In the 19th century, the modern science tools the microscope and the telescope were the only ones that defined what "scientific observation" was and gave primacy to the sense of sight. The scientific information was distributed in books and professional press and absorbed only through the eyes. For these thinkers and scientists, moving, touching or smelling were no longer considered serious means of inquiry and not even a legitimate way of aesthetic experience. The museum that now aspired to "seriousness" and respectability reflected this perception and quiet and distant viewing became the only legitimate way to experience it. The new manners had another, disguised advantage, those who had trouble getting used to such restrained behavior simply avoided visits to the museum. Thus the danger that the nationalization of the museums would flood them with members of the lower classes was repelled and the galleries remained, just like in the days of the feudal regime a meeting place for the elites.
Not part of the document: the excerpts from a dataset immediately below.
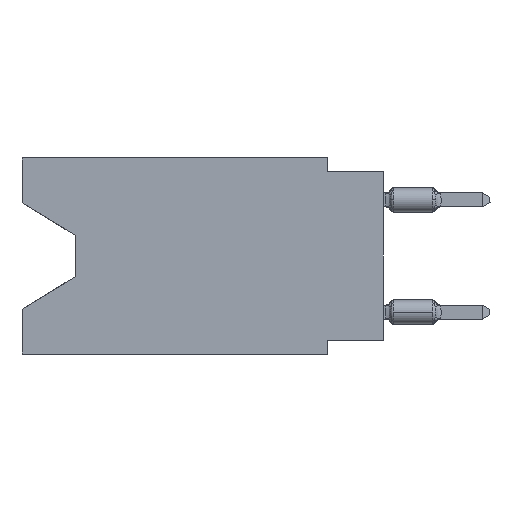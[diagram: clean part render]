
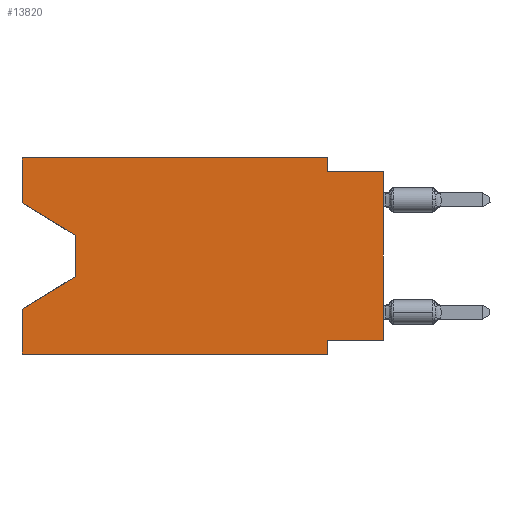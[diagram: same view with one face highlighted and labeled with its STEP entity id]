
A CAD part, left-side view. The second image highlights one B-rep face of the part: STEP entity #13820.
In plain terms, the highlighted planar face has unit normal (-1, 0, 0).
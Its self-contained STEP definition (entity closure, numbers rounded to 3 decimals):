
#93 = LINE ( 'NONE', #7724, #13143 ) ;
#226 = DIRECTION ( 'NONE',  ( 0., 0., 1. ) ) ;
#386 = CARTESIAN_POINT ( 'NONE',  ( 0., 16.383, 0. ) ) ;
#390 = LINE ( 'NONE', #13745, #15308 ) ;
#474 = ORIENTED_EDGE ( 'NONE', *, *, #22474, .T. ) ;
#645 = VERTEX_POINT ( 'NONE', #19905 ) ;
#829 = VECTOR ( 'NONE', #20712, 1000. ) ;
#1042 = DIRECTION ( 'NONE',  ( 0., 1., 0. ) ) ;
#1281 = VERTEX_POINT ( 'NONE', #15605 ) ;
#1284 = LINE ( 'NONE', #18156, #15139 ) ;
#1518 = ORIENTED_EDGE ( 'NONE', *, *, #15631, .F. ) ;
#1620 = VECTOR ( 'NONE', #22367, 1000. ) ;
#1883 = VECTOR ( 'NONE', #13682, 1000. ) ;
#2019 = VECTOR ( 'NONE', #17433, 1000. ) ;
#2140 = FACE_OUTER_BOUND ( 'NONE', #15724, .T. ) ;
#2579 = EDGE_CURVE ( 'NONE', #645, #15511, #16214, .T. ) ;
#2894 = VERTEX_POINT ( 'NONE', #22956 ) ;
#3004 = CARTESIAN_POINT ( 'NONE',  ( 0., 0., -0.635 ) ) ;
#3965 = CARTESIAN_POINT ( 'NONE',  ( 0., 13.97, -5.385 ) ) ;
#4017 = CARTESIAN_POINT ( 'NONE',  ( 0., 16.383, -6.852 ) ) ;
#4105 = CARTESIAN_POINT ( 'NONE',  ( 0., 2.54, 0. ) ) ;
#4319 = LINE ( 'NONE', #15436, #2019 ) ;
#4714 = EDGE_CURVE ( 'NONE', #21811, #2894, #1284, .T. ) ;
#4860 = CARTESIAN_POINT ( 'NONE',  ( 0., 2.54, -8.89 ) ) ;
#5027 = VERTEX_POINT ( 'NONE', #12250 ) ;
#5379 = CARTESIAN_POINT ( 'NONE',  ( 0., 16.383, 0. ) ) ;
#5631 = DIRECTION ( 'NONE',  ( 0., 0., -1. ) ) ;
#5694 = ORIENTED_EDGE ( 'NONE', *, *, #2579, .T. ) ;
#5833 = CARTESIAN_POINT ( 'NONE',  ( 0., 13.97, -5.385 ) ) ;
#6218 = LINE ( 'NONE', #4105, #23691 ) ;
#6375 = EDGE_CURVE ( 'NONE', #20905, #5027, #12989, .T. ) ;
#6381 = ORIENTED_EDGE ( 'NONE', *, *, #24454, .T. ) ;
#6886 = DIRECTION ( 'NONE',  ( 0., -1., 0. ) ) ;
#7112 = LINE ( 'NONE', #14728, #1620 ) ;
#7724 = CARTESIAN_POINT ( 'NONE',  ( 0., 16.383, 0. ) ) ;
#8192 = LINE ( 'NONE', #23064, #1883 ) ;
#8466 = CARTESIAN_POINT ( 'NONE',  ( 0., 16.383, 0. ) ) ;
#9000 = EDGE_CURVE ( 'NONE', #21811, #9253, #11031, .T. ) ;
#9062 = VECTOR ( 'NONE', #9157, 1000. ) ;
#9157 = DIRECTION ( 'NONE',  ( 0., 0., 1. ) ) ;
#9253 = VERTEX_POINT ( 'NONE', #3004 ) ;
#9475 = CARTESIAN_POINT ( 'NONE',  ( 0., 13.97, -3.505 ) ) ;
#9706 = LINE ( 'NONE', #5833, #829 ) ;
#10008 = VECTOR ( 'NONE', #6886, 1000. ) ;
#10223 = DIRECTION ( 'NONE',  ( 0., -0.855, -0.519 ) ) ;
#11031 = LINE ( 'NONE', #20907, #9062 ) ;
#11413 = LINE ( 'NONE', #17157, #23922 ) ;
#11507 = EDGE_CURVE ( 'NONE', #645, #20905, #93, .T. ) ;
#11845 = EDGE_CURVE ( 'NONE', #15511, #24496, #4319, .T. ) ;
#12190 = ORIENTED_EDGE ( 'NONE', *, *, #21614, .F. ) ;
#12250 = CARTESIAN_POINT ( 'NONE',  ( 0., 2.54, 0. ) ) ;
#12989 = LINE ( 'NONE', #5379, #10008 ) ;
#13143 = VECTOR ( 'NONE', #226, 1000. ) ;
#13172 = ORIENTED_EDGE ( 'NONE', *, *, #6375, .F. ) ;
#13681 = VECTOR ( 'NONE', #10223, 1000. ) ;
#13682 = DIRECTION ( 'NONE',  ( 0., -1., 0. ) ) ;
#13717 = VERTEX_POINT ( 'NONE', #16498 ) ;
#13745 = CARTESIAN_POINT ( 'NONE',  ( 0., 2.54, -8.89 ) ) ;
#13820 = ADVANCED_FACE ( 'NONE', ( #2140 ), #15501, .F. ) ;
#13955 = DIRECTION ( 'NONE',  ( 0., 0., -1. ) ) ;
#14728 = CARTESIAN_POINT ( 'NONE',  ( 0., 16.383, -8.89 ) ) ;
#15114 = EDGE_CURVE ( 'NONE', #2894, #15401, #390, .T. ) ;
#15139 = VECTOR ( 'NONE', #1042, 1000. ) ;
#15308 = VECTOR ( 'NONE', #19140, 1000. ) ;
#15401 = VERTEX_POINT ( 'NONE', #4860 ) ;
#15436 = CARTESIAN_POINT ( 'NONE',  ( 0., 13.97, -3.505 ) ) ;
#15501 = PLANE ( 'NONE',  #22692 ) ;
#15511 = VERTEX_POINT ( 'NONE', #9475 ) ;
#15605 = CARTESIAN_POINT ( 'NONE',  ( 0., 2.54, -0.635 ) ) ;
#15631 = EDGE_CURVE ( 'NONE', #5027, #1281, #6218, .T. ) ;
#15724 = EDGE_LOOP ( 'NONE', ( #5694, #24631, #6381, #12190, #474, #19748, #20888, #23684, #19755, #1518, #13172, #18613 ) ) ;
#16214 = LINE ( 'NONE', #21729, #13681 ) ;
#16498 = CARTESIAN_POINT ( 'NONE',  ( 0., 16.383, -8.89 ) ) ;
#17157 = CARTESIAN_POINT ( 'NONE',  ( 0., 16.383, 0. ) ) ;
#17433 = DIRECTION ( 'NONE',  ( 0., 0., -1. ) ) ;
#18156 = CARTESIAN_POINT ( 'NONE',  ( 0., 0., -8.255 ) ) ;
#18613 = ORIENTED_EDGE ( 'NONE', *, *, #11507, .F. ) ;
#19140 = DIRECTION ( 'NONE',  ( 0., 0., -1. ) ) ;
#19286 = VERTEX_POINT ( 'NONE', #4017 ) ;
#19748 = ORIENTED_EDGE ( 'NONE', *, *, #15114, .F. ) ;
#19755 = ORIENTED_EDGE ( 'NONE', *, *, #20151, .F. ) ;
#19905 = CARTESIAN_POINT ( 'NONE',  ( 0., 16.383, -2.038 ) ) ;
#20151 = EDGE_CURVE ( 'NONE', #1281, #9253, #8192, .T. ) ;
#20712 = DIRECTION ( 'NONE',  ( 0., 0.855, -0.519 ) ) ;
#20888 = ORIENTED_EDGE ( 'NONE', *, *, #4714, .F. ) ;
#20905 = VERTEX_POINT ( 'NONE', #8466 ) ;
#20907 = CARTESIAN_POINT ( 'NONE',  ( 0., 0., 0. ) ) ;
#21013 = DIRECTION ( 'NONE',  ( 1., 0., 0. ) ) ;
#21049 = DIRECTION ( 'NONE',  ( 0., 0., 1. ) ) ;
#21614 = EDGE_CURVE ( 'NONE', #13717, #19286, #11413, .T. ) ;
#21655 = CARTESIAN_POINT ( 'NONE',  ( 0., 0., -8.255 ) ) ;
#21729 = CARTESIAN_POINT ( 'NONE',  ( 0., 16.383, -2.038 ) ) ;
#21811 = VERTEX_POINT ( 'NONE', #21655 ) ;
#22367 = DIRECTION ( 'NONE',  ( 0., -1., 0. ) ) ;
#22474 = EDGE_CURVE ( 'NONE', #13717, #15401, #7112, .T. ) ;
#22692 = AXIS2_PLACEMENT_3D ( 'NONE', #386, #21013, #5631 ) ;
#22956 = CARTESIAN_POINT ( 'NONE',  ( 0., 2.54, -8.255 ) ) ;
#23064 = CARTESIAN_POINT ( 'NONE',  ( 0., 0., -0.635 ) ) ;
#23684 = ORIENTED_EDGE ( 'NONE', *, *, #9000, .T. ) ;
#23691 = VECTOR ( 'NONE', #13955, 1000. ) ;
#23922 = VECTOR ( 'NONE', #21049, 1000. ) ;
#24454 = EDGE_CURVE ( 'NONE', #24496, #19286, #9706, .T. ) ;
#24496 = VERTEX_POINT ( 'NONE', #3965 ) ;
#24631 = ORIENTED_EDGE ( 'NONE', *, *, #11845, .T. ) ;

Did an interesting, intriguing, strange, delusional or funny question occur to you? Send to ysorek@gmail.com

4 תגובות

  1. Third paragraph before the end. Tsal "and the one who discovered the connection between the force exerted on a spring and its elongation" and not as it is written.

  2. Hello Yoram,

    An interesting and correct article regarding the behavioral-cultural explanation.
    However - when we touch any objects directly with our fingers, we leave traces of dirt, oils, sweat, etc. on them, and these residues over time indeed destroy the objects (or the paintings or sculptures, etc.), no matter what material they are made of.
    Therefore, those who handle museum objects in the museum do not touch the objects directly with their hands, but use gloves and sometimes even masks.
    The injuries caused by the contact of hands are sometimes irreversible, and if they are reversible - the cost of the repair or treatment can be hundreds or thousands of shekels or more and should be performed by a conservator who is an expert in the field of the specific material/object.

    When it comes to rare, delicate, expensive objects in front of hundreds and thousands of visitors, touch becomes a serious problem.
    Therefore, this is indeed one of the main reasons why it is forbidden to touch museum exhibits.

  3. Invested and fascinating article!
    A small note: it's a shame it wasn't proofread. In a quick read I found quite a few spelling errors and typos.